Eddie Palmieri, “Sun Sun Babaé”
No, it hasn’t been long since we last heralded a new album by Eddie Palmieri, the ebullient grandmaster of salsa. Two months ago Palmieri, 81, released Full Circle, a program of retooled classics from his book. Now this indefatigable pianist and bandleader has announced an album called Mi Luz Mayor, set for release on December 7 on Uprising Music, an imprint of Ropeadope. News of the album landed a few days ago, along with a lead single, “Sun Sun Babaé.”
The song, a Rogelio Martínez tune associated with Tito Rodríguez and Celia Cruz, rests on a presumption of rhythm churn, which Palmieri is only too happy to oblige. Mi Luz Mayor, which he has dedicated to his late wife, Iraida, consists of music that they loved in their youth. The album features three stellar vocal guests, and on this track the featured salsero is Gilberto Santa Rosa, who comports himself with as much sparkling authority as you’d expect from him.
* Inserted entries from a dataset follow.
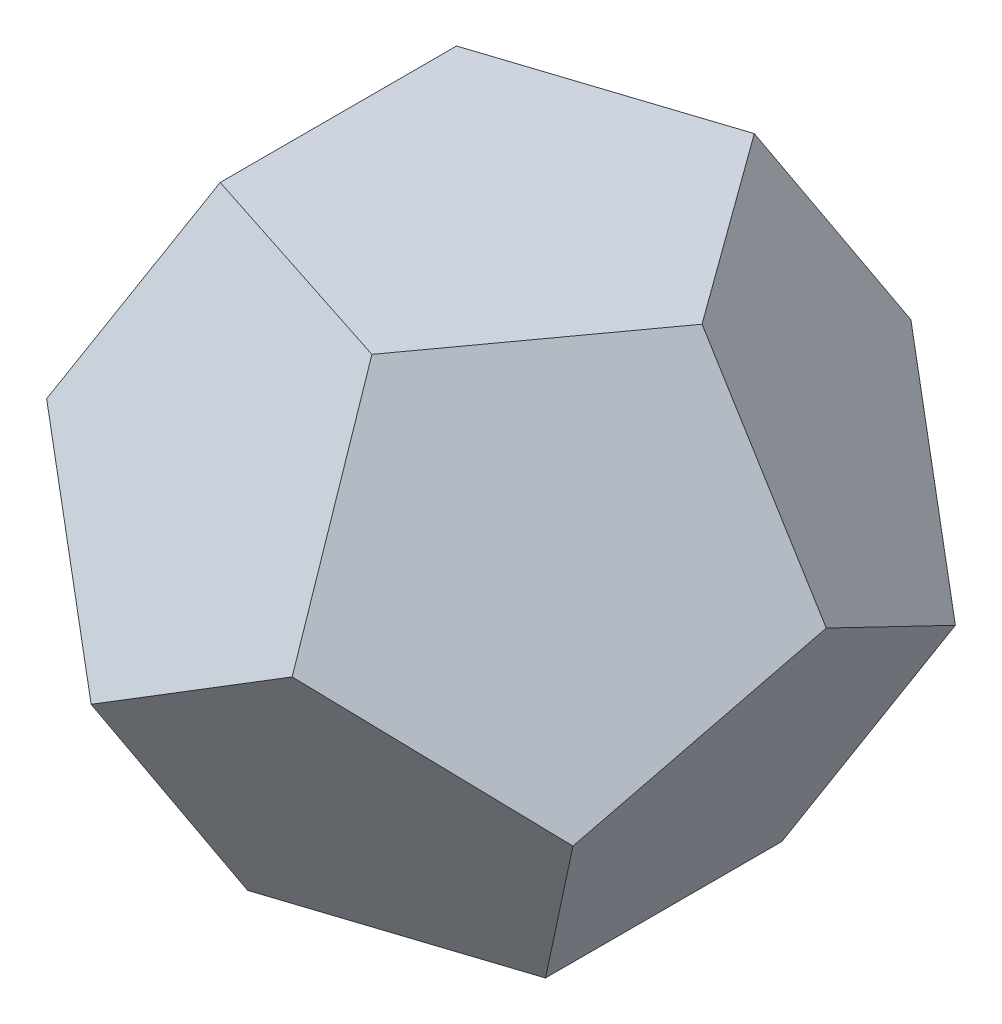
ISO-10303-21;
HEADER;
FILE_DESCRIPTION(('STEP AP214'),'2;1');
FILE_NAME('part.step','',(''),(''),'','','');
FILE_SCHEMA(('AUTOMOTIVE_DESIGN { 1 0 10303 214 1 1 1 1 }'));
ENDSEC;
DATA;
#1=APPLICATION_CONTEXT('core data for automotive mechanical design processes');
#2=APPLICATION_PROTOCOL_DEFINITION('international standard','automotive_design',2000,#1);
#3=PRODUCT_CONTEXT('',#1,'mechanical');
#4=PRODUCT('Part','Part','',(#3));
#5=PRODUCT_RELATED_PRODUCT_CATEGORY('part','',(#4));
#6=PRODUCT_DEFINITION_FORMATION('','',#4);
#7=PRODUCT_DEFINITION_CONTEXT('part definition',#1,'design');
#8=PRODUCT_DEFINITION('design','',#6,#7);
#9=PRODUCT_DEFINITION_SHAPE('','',#8);
#10=(LENGTH_UNIT() NAMED_UNIT(*) SI_UNIT(.MILLI.,.METRE.));
#11=(NAMED_UNIT(*) PLANE_ANGLE_UNIT() SI_UNIT($,.RADIAN.));
#12=(NAMED_UNIT(*) SI_UNIT($,.STERADIAN.) SOLID_ANGLE_UNIT());
#13=UNCERTAINTY_MEASURE_WITH_UNIT(LENGTH_MEASURE(1.E-05),#10,'distance_accuracy_value','');
#14=(GEOMETRIC_REPRESENTATION_CONTEXT(3) GLOBAL_UNCERTAINTY_ASSIGNED_CONTEXT((#13)) GLOBAL_UNIT_ASSIGNED_CONTEXT((#10,
#11,#12)) REPRESENTATION_CONTEXT('',''));
#15=CARTESIAN_POINT('',(0.,0.,0.));
#16=DIRECTION('',(0.,0.,1.));
#17=DIRECTION('',(1.,0.,0.));
#18=AXIS2_PLACEMENT_3D('',#15,#16,#17);
#19=CARTESIAN_POINT('',(-16.5993218992186,-70.3158559454907,-51.0874597374976));
#20=DIRECTION('',(0.187592474085081,0.794654472291766,0.577350269189626));
#21=DIRECTION('',(0.,-0.587785252292473,0.809016994374948));
#22=AXIS2_PLACEMENT_3D('',#19,#20,#21);
#23=PLANE('',#22);
#24=DIRECTION('',(-0.951056516295153,0.,0.309016994374949));
#25=VECTOR('',#24,1.);
#26=CARTESIAN_POINT('',(15.3884176858763,-80.5748010694083,-47.360679774998));
#27=LINE('',#26,#25);
#28=CARTESIAN_POINT('',(15.3884176858763,-80.5748010694083,-47.360679774998));
#29=VERTEX_POINT('',#28);
#30=CARTESIAN_POINT('',(-40.2874005347042,-80.5748010694083,-29.2705098312484));
#31=VERTEX_POINT('',#30);
#32=EDGE_CURVE('E53',#29,#31,#27,.T.);
#33=ORIENTED_EDGE('',*,*,#32,.F.);
#34=DIRECTION('',(0.262865556059569,0.525731112119133,-0.809016994374947));
#35=VECTOR('',#34,1.);
#36=CARTESIAN_POINT('',(-1.11022302462516E-13,-111.351636441161,0.));
#37=LINE('',#36,#35);
#38=CARTESIAN_POINT('',(-1.29236898960272E-13,-111.351636441161,0.));
#39=VERTEX_POINT('',#38);
#40=EDGE_CURVE('E106',#39,#29,#37,.T.);
#41=ORIENTED_EDGE('',*,*,#40,.F.);
#42=DIRECTION('',(-0.688190960235587,0.525731112119134,-0.499999999999999));
#43=VECTOR('',#42,1.);
#44=CARTESIAN_POINT('',(-40.2874005347042,-80.5748010694083,-29.2705098312484));
#45=LINE('',#44,#43);
#46=EDGE_CURVE('E101',#39,#31,#45,.T.);
#47=ORIENTED_EDGE('',*,*,#46,.T.);
#48=EDGE_LOOP('',(#33,#41,#47));
#49=FACE_BOUND('',#48,.T.);
#50=ADVANCED_FACE('F50',(#49),#23,.F.);
#51=CARTESIAN_POINT('',(-16.5993218992187,-10.2589451239176,-51.0874597374977));
#52=DIRECTION('',(-0.303530999103345,-0.187592474085081,-0.934172358962715));
#53=DIRECTION('',(-0.951056516295153,0.,0.309016994374949));
#54=AXIS2_PLACEMENT_3D('',#51,#52,#53);
#55=PLANE('',#54);
#56=DIRECTION('',(0.525731112119134,-0.850650808352039,0.));
#57=VECTOR('',#56,1.);
#58=CARTESIAN_POINT('',(-15.3884176858764,-30.7768353717526,-47.360679774998));
#59=LINE('',#58,#57);
#60=CARTESIAN_POINT('',(-15.3884176858764,-30.7768353717526,-47.360679774998));
#61=VERTEX_POINT('',#60);
#62=EDGE_CURVE('E111',#61,#29,#59,.T.);
#63=ORIENTED_EDGE('',*,*,#62,.T.);
#64=ORIENTED_EDGE('',*,*,#32,.T.);
#65=DIRECTION('',(0.425325404176019,0.85065080835204,-0.309016994374949));
#66=VECTOR('',#65,1.);
#67=CARTESIAN_POINT('',(-40.2874005347042,-80.5748010694083,-29.2705098312484));
#68=LINE('',#67,#66);
#69=EDGE_CURVE('E114',#31,#61,#68,.T.);
#70=ORIENTED_EDGE('',*,*,#69,.T.);
#71=EDGE_LOOP('',(#63,#64,#70));
#72=FACE_BOUND('',#71,.T.);
#73=ADVANCED_FACE('F113',(#72),#55,.T.);
#74=CARTESIAN_POINT('',(-53.7165340462723,-70.3158559454908,0.));
#75=DIRECTION('',(0.607061998206687,0.794654472291766,0.));
#76=DIRECTION('',(-0.794654472291766,0.607061998206686,0.));
#77=AXIS2_PLACEMENT_3D('',#74,#75,#76);
#78=PLANE('',#77);
#79=DIRECTION('',(0.,0.,1.));
#80=VECTOR('',#79,1.);
#81=CARTESIAN_POINT('',(-40.2874005347042,-80.5748010694083,-29.2705098312484));
#82=LINE('',#81,#80);
#83=CARTESIAN_POINT('',(-40.2874005347043,-80.5748010694083,29.2705098312485));
#84=VERTEX_POINT('',#83);
#85=EDGE_CURVE('E142',#31,#84,#82,.T.);
#86=ORIENTED_EDGE('',*,*,#85,.F.);
#87=ORIENTED_EDGE('',*,*,#46,.F.);
#88=DIRECTION('',(-0.688190960235586,0.525731112119133,0.500000000000001));
#89=VECTOR('',#88,1.);
#90=CARTESIAN_POINT('',(-40.2874005347043,-80.5748010694082,29.2705098312485));
#91=LINE('',#90,#89);
#92=EDGE_CURVE('E168',#39,#84,#91,.T.);
#93=ORIENTED_EDGE('',*,*,#92,.T.);
#94=EDGE_LOOP('',(#86,#87,#93));
#95=FACE_BOUND('',#94,.T.);
#96=ADVANCED_FACE('F447',(#95),#78,.F.);
#97=CARTESIAN_POINT('',(43.4575889223547,-70.3158559454908,-31.5737865166652));
#98=DIRECTION('',(0.491123473188423,-0.794654472291767,-0.356822089773089));
#99=DIRECTION('',(0.85065080835204,0.525731112119134,0.));
#100=AXIS2_PLACEMENT_3D('',#97,#98,#99);
#101=PLANE('',#100);
#102=DIRECTION('',(-0.85065080835204,-0.525731112119134,0.));
#103=VECTOR('',#102,1.);
#104=CARTESIAN_POINT('',(49.7979656976556,-80.5748010694082,0.));
#105=LINE('',#104,#103);
#106=CARTESIAN_POINT('',(49.7979656976556,-80.5748010694083,0.));
#107=VERTEX_POINT('',#106);
#108=EDGE_CURVE('E135',#107,#39,#105,.T.);
#109=ORIENTED_EDGE('',*,*,#108,.T.);
#110=ORIENTED_EDGE('',*,*,#40,.T.);
#111=DIRECTION('',(-0.587785252292473,0.,-0.809016994374948));
#112=VECTOR('',#111,1.);
#113=CARTESIAN_POINT('',(15.3884176858763,-80.5748010694083,-47.360679774998));
#114=LINE('',#113,#112);
#115=EDGE_CURVE('E129',#107,#29,#114,.T.);
#116=ORIENTED_EDGE('',*,*,#115,.F.);
#117=EDGE_LOOP('',(#109,#110,#116));
#118=FACE_BOUND('',#117,.T.);
#119=ADVANCED_FACE('F133',(#118),#101,.T.);
#120=CARTESIAN_POINT('',(10.2589451239175,6.34037677530105,-31.5737865166654));
#121=DIRECTION('',(-0.303530999103342,-0.18759247408508,0.934172358962716));
#122=DIRECTION('',(0.951056516295154,0.,0.309016994374947));
#123=AXIS2_PLACEMENT_3D('',#120,#121,#122);
#124=PLANE('',#123);
#125=DIRECTION('',(-0.951056516295154,0.,-0.309016994374947));
#126=VECTOR('',#125,1.);
#127=CARTESIAN_POINT('',(-15.3884176858764,-30.7768353717526,-47.360679774998));
#128=LINE('',#127,#126);
#129=CARTESIAN_POINT('',(40.2874005347042,-30.7768353717526,-29.2705098312485));
#130=VERTEX_POINT('',#129);
#131=EDGE_CURVE('E123',#130,#61,#128,.T.);
#132=ORIENTED_EDGE('',*,*,#131,.F.);
#133=DIRECTION('',(0.42532540417602,0.85065080835204,0.309016994374947));
#134=VECTOR('',#133,1.);
#135=CARTESIAN_POINT('',(15.3884176858763,-80.5748010694083,-47.360679774998));
#136=LINE('',#135,#134);
#137=EDGE_CURVE('E118',#29,#130,#136,.T.);
#138=ORIENTED_EDGE('',*,*,#137,.F.);
#139=ORIENTED_EDGE('',*,*,#62,.F.);
#140=EDGE_LOOP('',(#132,#138,#139));
#141=FACE_BOUND('',#140,.T.);
#142=ADVANCED_FACE('F121',(#141),#124,.F.);
#143=CARTESIAN_POINT('',(43.4575889223547,-10.2589451239176,-31.5737865166653));
#144=DIRECTION('',(-0.794654472291766,0.187592474085081,0.577350269189625));
#145=DIRECTION('',(0.587785252292473,0.,0.809016994374948));
#146=AXIS2_PLACEMENT_3D('',#143,#144,#145);
#147=PLANE('',#146);
#148=ORIENTED_EDGE('',*,*,#137,.T.);
#149=DIRECTION('',(0.162459848116452,-0.85065080835204,0.5));
#150=VECTOR('',#149,1.);
#151=CARTESIAN_POINT('',(49.7979656976557,-80.5748010694083,0.));
#152=LINE('',#151,#150);
#153=EDGE_CURVE('E140',#130,#107,#152,.T.);
#154=ORIENTED_EDGE('',*,*,#153,.T.);
#155=ORIENTED_EDGE('',*,*,#115,.T.);
#156=EDGE_LOOP('',(#148,#154,#155));
#157=FACE_BOUND('',#156,.T.);
#158=ADVANCED_FACE('F139',(#157),#147,.F.);
#159=CARTESIAN_POINT('',(-53.7165340462722,-10.2589451239175,-1.15180933535482E-13));
#160=DIRECTION('',(-0.982246946376846,-0.187592474085079,0.));
#161=DIRECTION('',(0.187592474085079,-0.982246946376846,0.));
#162=AXIS2_PLACEMENT_3D('',#159,#160,#161);
#163=PLANE('',#162);
#164=DIRECTION('',(0.162459848116453,-0.85065080835204,-0.499999999999999));
#165=VECTOR('',#164,1.);
#166=CARTESIAN_POINT('',(-49.7979656976558,-30.7768353717526,0.));
#167=LINE('',#166,#165);
#168=CARTESIAN_POINT('',(-49.7979656976558,-30.7768353717526,0.));
#169=VERTEX_POINT('',#168);
#170=EDGE_CURVE('E149',#169,#31,#167,.T.);
#171=ORIENTED_EDGE('',*,*,#170,.T.);
#172=ORIENTED_EDGE('',*,*,#85,.T.);
#173=DIRECTION('',(0.162459848116451,-0.85065080835204,0.5));
#174=VECTOR('',#173,1.);
#175=CARTESIAN_POINT('',(-49.7979656976558,-30.7768353717526,0.));
#176=LINE('',#175,#174);
#177=EDGE_CURVE('E198',#169,#84,#176,.T.);
#178=ORIENTED_EDGE('',*,*,#177,.F.);
#179=EDGE_LOOP('',(#171,#172,#178));
#180=FACE_BOUND('',#179,.T.);
#181=ADVANCED_FACE('F424',(#180),#163,.T.);
#182=CARTESIAN_POINT('',(-26.8582670231362,6.34037677530102,-19.5136732208324));
#183=DIRECTION('',(0.794654472291767,-0.187592474085079,0.577350269189626));
#184=DIRECTION('',(0.587785252292473,0.,-0.809016994374948));
#185=AXIS2_PLACEMENT_3D('',#182,#183,#184);
#186=PLANE('',#185);
#187=DIRECTION('',(-0.587785252292473,0.,0.809016994374948));
#188=VECTOR('',#187,1.);
#189=CARTESIAN_POINT('',(-49.7979656976558,-30.7768353717526,0.));
#190=LINE('',#189,#188);
#191=EDGE_CURVE('E194',#61,#169,#190,.T.);
#192=ORIENTED_EDGE('',*,*,#191,.F.);
#193=ORIENTED_EDGE('',*,*,#69,.F.);
#194=ORIENTED_EDGE('',*,*,#170,.F.);
#195=EDGE_LOOP('',(#192,#193,#194));
#196=FACE_BOUND('',#195,.T.);
#197=ADVANCED_FACE('F422',(#196),#186,.F.);
#198=CARTESIAN_POINT('',(-16.5993218992185,-70.3158559454908,51.0874597374976));
#199=DIRECTION('',(0.187592474085079,0.794654472291766,-0.577350269189626));
#200=DIRECTION('',(0.,0.587785252292473,0.809016994374947));
#201=AXIS2_PLACEMENT_3D('',#198,#199,#200);
#202=PLANE('',#201);
#203=DIRECTION('',(-0.951056516295154,0.,-0.309016994374947));
#204=VECTOR('',#203,1.);
#205=CARTESIAN_POINT('',(-40.2874005347043,-80.5748010694083,29.2705098312485));
#206=LINE('',#205,#204);
#207=CARTESIAN_POINT('',(15.3884176858762,-80.5748010694083,47.360679774998));
#208=VERTEX_POINT('',#207);
#209=EDGE_CURVE('E270',#208,#84,#206,.T.);
#210=ORIENTED_EDGE('',*,*,#209,.T.);
#211=ORIENTED_EDGE('',*,*,#92,.F.);
#212=DIRECTION('',(0.262865556059567,0.525731112119133,0.809016994374947));
#213=VECTOR('',#212,1.);
#214=CARTESIAN_POINT('',(15.3884176858762,-80.5748010694083,47.360679774998));
#215=LINE('',#214,#213);
#216=EDGE_CURVE('E242',#39,#208,#215,.T.);
#217=ORIENTED_EDGE('',*,*,#216,.T.);
#218=EDGE_LOOP('',(#210,#211,#217));
#219=FACE_BOUND('',#218,.T.);
#220=ADVANCED_FACE('F428',(#219),#202,.F.);
#221=CARTESIAN_POINT('',(43.4575889223547,-70.3158559454907,31.5737865166653));
#222=DIRECTION('',(-0.491123473188423,0.794654472291766,-0.356822089773089));
#223=DIRECTION('',(-0.85065080835204,-0.525731112119134,0.));
#224=AXIS2_PLACEMENT_3D('',#221,#222,#223);
#225=PLANE('',#224);
#226=ORIENTED_EDGE('',*,*,#216,.F.);
#227=ORIENTED_EDGE('',*,*,#108,.F.);
#228=DIRECTION('',(-0.587785252292473,0.,0.809016994374948));
#229=VECTOR('',#228,1.);
#230=CARTESIAN_POINT('',(15.3884176858762,-80.5748010694083,47.360679774998));
#231=LINE('',#230,#229);
#232=EDGE_CURVE('E254',#107,#208,#231,.T.);
#233=ORIENTED_EDGE('',*,*,#232,.T.);
#234=EDGE_LOOP('',(#226,#227,#233));
#235=FACE_BOUND('',#234,.T.);
#236=ADVANCED_FACE('F397',(#235),#225,.F.);
#237=CARTESIAN_POINT('',(0.,0.,0.));
#238=DIRECTION('',(-0.187592474085079,-0.794654472291767,0.577350269189625));
#239=DIRECTION('',(0.,-0.587785252292473,-0.809016994374948));
#240=AXIS2_PLACEMENT_3D('',#237,#238,#239);
#241=PLANE('',#240);
#242=ORIENTED_EDGE('',*,*,#131,.T.);
#243=DIRECTION('',(-0.262865556059568,-0.525731112119133,-0.809016994374947));
#244=VECTOR('',#243,1.);
#245=CARTESIAN_POINT('',(-15.3884176858764,-30.7768353717526,-47.360679774998));
#246=LINE('',#245,#244);
#247=CARTESIAN_POINT('',(0.,0.,0.));
#248=VERTEX_POINT('',#247);
#249=EDGE_CURVE('E282',#248,#61,#246,.T.);
#250=ORIENTED_EDGE('',*,*,#249,.F.);
#251=DIRECTION('',(-0.688190960235587,0.525731112119133,0.5));
#252=VECTOR('',#251,1.);
#253=CARTESIAN_POINT('',(40.2874005347042,-30.7768353717526,-29.2705098312485));
#254=LINE('',#253,#252);
#255=EDGE_CURVE('E335',#130,#248,#254,.T.);
#256=ORIENTED_EDGE('',*,*,#255,.F.);
#257=EDGE_LOOP('',(#242,#250,#256));
#258=FACE_BOUND('',#257,.T.);
#259=ADVANCED_FACE('F386',(#258),#241,.F.);
#260=CARTESIAN_POINT('',(33.1986437984372,6.340376775301,0.));
#261=DIRECTION('',(-0.982246946376846,-0.187592474085079,0.));
#262=DIRECTION('',(0.187592474085079,-0.982246946376846,0.));
#263=AXIS2_PLACEMENT_3D('',#260,#261,#262);
#264=PLANE('',#263);
#265=DIRECTION('',(0.162459848116452,-0.85065080835204,-0.500000000000001));
#266=VECTOR('',#265,1.);
#267=CARTESIAN_POINT('',(49.7979656976556,-80.5748010694082,0.));
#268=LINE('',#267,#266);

Tord Gustavsen Trio, “Re-Melt”
The acclaimed Norwegian pianist Tord Gustavsen came to prominence with an acoustic trio, some 15 years ago. After the untimely death of his bassist, Harald Johnsen, in 2011, Gustavsen moved into other ensemble formats, largely eschewing the arrangement of piano, bass and drums. So one piece of good news about The Other Side, just out on ECM, is that it brings Gustavsen back to the trio fold. Even better: his working trio, with original drummer Jarle Vespestad and fine new bassist Sigurd Hole, operates with a baseline urgency, a sense of having something pressing to say right now. Consider a track called “Re-Melt.”
Gustavsen still has a fondness for cathedral sonorities that ring of the ancients. But here he locks in with a groove, making his band mates equal partners in locomotion. His solo, too, has a feeling of calmly unfolding suspense. There’s more than one good reason to try and catch the Tord Gustavsen Trio on its brief North American tour, which kicks off on Tuesday at Dizzy’s Club Coca-Cola.
Helen Sung with Dana Gioia, “Pity the Beautiful”
Perhaps you know Sung with Words from NPR First Listen or Salon Sessions. A music-and-poetry project in the truest sense, with pianist Helen Sung and poet Dana Gioia in close collaboration, it branches beyond that core, with additional vocals by Carolyn Leonhart, Christie Dashiell, Jean Baylor and Charenee Wade. The first-rate band includes Ingrid Jensen on trumpet and John Ellis on saxophones and bass clarinet, among others, and Sung’s writing is assertive and grounded. This short video, by Yasunari Rowan, adds an additional layer of sensory information to the mix, taking smart liberties with “Pity the Beautiful.”
Sung with Words was released earlier this month, and Sung has been a moving target since: having just wrapped up a run with Coltrane Revisited, she’ll perform this week with the Mingus Big Band (Monday at Jazz Standard); with Leonhart (Thursday at Smalls); and in the premiere of Cécile McLorin Salvant’s Ogresse (Friday at the Metropolitan Museum of Art). She’ll present Sung with Words on Saturday at the Tilles Center for the Performing Arts, in Brookville, N.Y.